There is nothing in of itself wrong with a NULL value in your table AFAIK. The bigger question is what do you want to do with those NULL values? Would you prefer the database to replace them with a default value? Or, maybe you want to handle the NULL values in a special way when delivering the data to a UI or client? – Felipafelipe 22/11, 2016 at 3:54

SQL treats NULL specially per its version of 3VL (3-valued logic). Normalization & other relational theory does not. However, we can translate SQL designs into relational designs and back. (Assume no duplicate rows here.)

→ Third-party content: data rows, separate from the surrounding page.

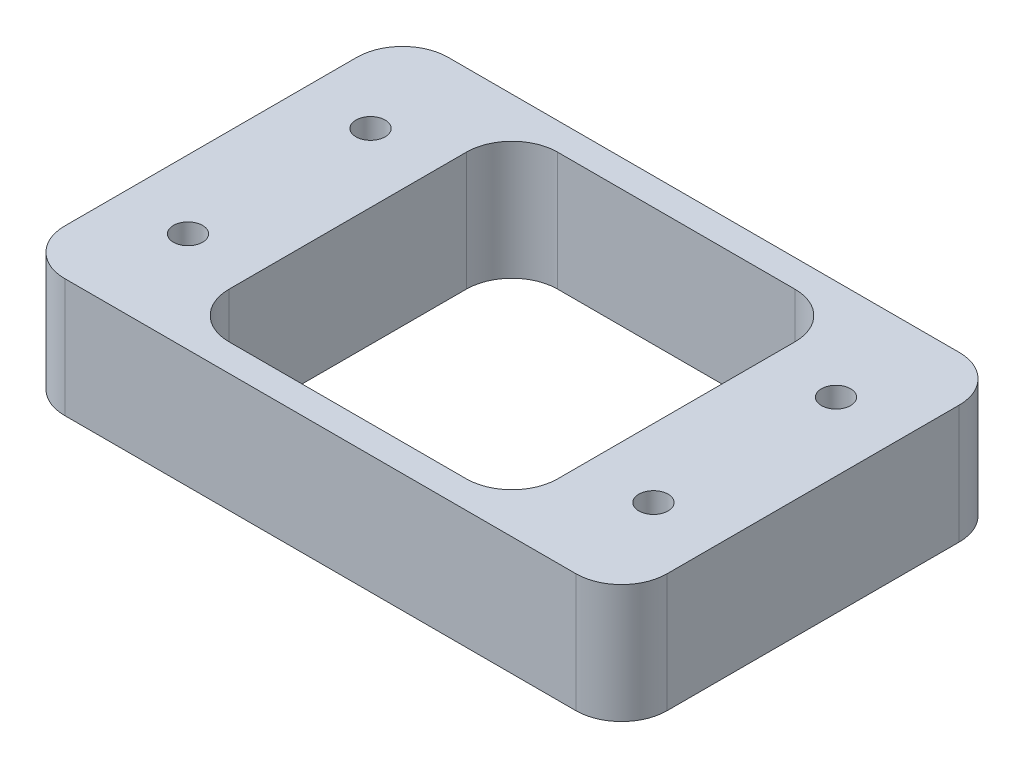
from build123d import *

# Parameters (mm, degrees)
SKETCH1_W           = 66
SKETCH1_H           = 42
SKETCH1_R           = 1.6
BOSS_EXTRUDE1_DEPTH = 13
SKETCH2_W           = 36
SKETCH2_H           = 36
CUT_EXTRUDE1_DEPTH  = 80.303215572
FILLET1_R           = 5


with BuildPart() as part:
    # Sketch1 → Boss-Extrude1 (new body)
    with BuildSketch(Plane(origin=(0, 0, 0), x_dir=(1, 0, 0), z_dir=(0, 1, 0))):
        with Locations((33, 21)):
            Rectangle(SKETCH1_W, SKETCH1_H)
        with Locations((7.5, 31)):
            Circle(SKETCH1_R, mode=Mode.SUBTRACT)
        with Locations((7.5, 11)):
            Circle(SKETCH1_R, mode=Mode.SUBTRACT)
        with Locations((58.5, 11)):
            Circle(SKETCH1_R, mode=Mode.SUBTRACT)
        with Locations((58.5, 31)):
            Circle(SKETCH1_R, mode=Mode.SUBTRACT)
    extrude(amount=BOSS_EXTRUDE1_DEPTH)

    # Sketch2 → Cut-Extrude1 (cut, through all)
    with BuildSketch(Plane(origin=(0, 13, 0), x_dir=(1, 0, 0), z_dir=(0, 1, 0))):
        with Locations((33, 21)):
            Rectangle(SKETCH2_W, SKETCH2_H)
    extrude(amount=-CUT_EXTRUDE1_DEPTH, mode=Mode.SUBTRACT)

    # Fillet1
    fillet1_edges = [part.edges().sort_by_distance(p)[0] for p in [
        (0, 6.5, -42),
        (66, 6.5, -42),
        (66, 6.5, 0),
        (0, 6.5, 0),
        (51, 6.5, -3),
        (15, 6.5, -39),
        (51, 6.5, -39),
        (15, 6.5, -3),
    ]]
    fillet(fillet1_edges, radius=FILLET1_R)


solid = part.part

Normalization happens to relations and is defined in terms of operators that don't treat NULL specially. The term "normalization" has two most common distinct meanings: putting a table into "1NF" and into "higher NFs (normal forms)". NULL doesn't affect "normalization to 1NF". "Normalization to higher NFs" replaces a table by smaller tables that natural join back to it. For purposes of normalization you could treat NULL like a value that is allowed in the domain of a nullable column in addition to the values of its SQL type. If our SQL tables have no NULLs then we can interpret them as relations & SQL join etc as join, etc. But if you decompose where a nullable column was shared between components then realize that to reconstruct the original in SQL you have to SQL join on same-named columns being equal or both NULL. And you won't want such CKs (candidate keys) in an SQL database. Eg you can't declare it as an SQL PK (primary key) because that means UNIQUE NOT NULL. Eg a UNIQUE constraint involving a nullable column allows multiple rows that have a NULL in that column, even if the rows have the same values in every column. Eg NULLs in SQL FKs cause them to be satisfied (in various ways per MATCH mode), not to fail from not appearing in the referenced table. (But DBMSs idiosyncratically differ from standard SQL.)

Unfortunately decomposition might lead to a table with all CKs containing NULL, so that we have nothing to declare as SQL PK or UNIQUE NOT NULL. The only sure solution is to convert to a NULL-free design. After then normalizing we might want to reintroduce some nullability in the components.

In practice, we manage to design tables so that there is always a set of NULL-free columns that we can declare as CK, via SQL PK or UNIQUE NOT NULL. Then we can get rid of a nullable column by dropping it from the table and adding a table with that column and the columns of some NULL-free CK: If the column is non-NULL for a row in the old design then a row with its CK subrow and column value go in the added table; otherwise it is NULL in the old design and no corresponding row is in the added table. (The original table is a natural left join of the new ones.) Of course, we also have to modify queries from the old design to the new design.

We can always avoid NULLs via a design that adds a boolean column for each old nullable column and has the old column NOT NULL. The new column says for a row whether the old column was NULL in the old design and when true has the old column be some one value that we pick for that purpose for that type throughout the database. Of course, we also have to modify queries from the old design to the new design.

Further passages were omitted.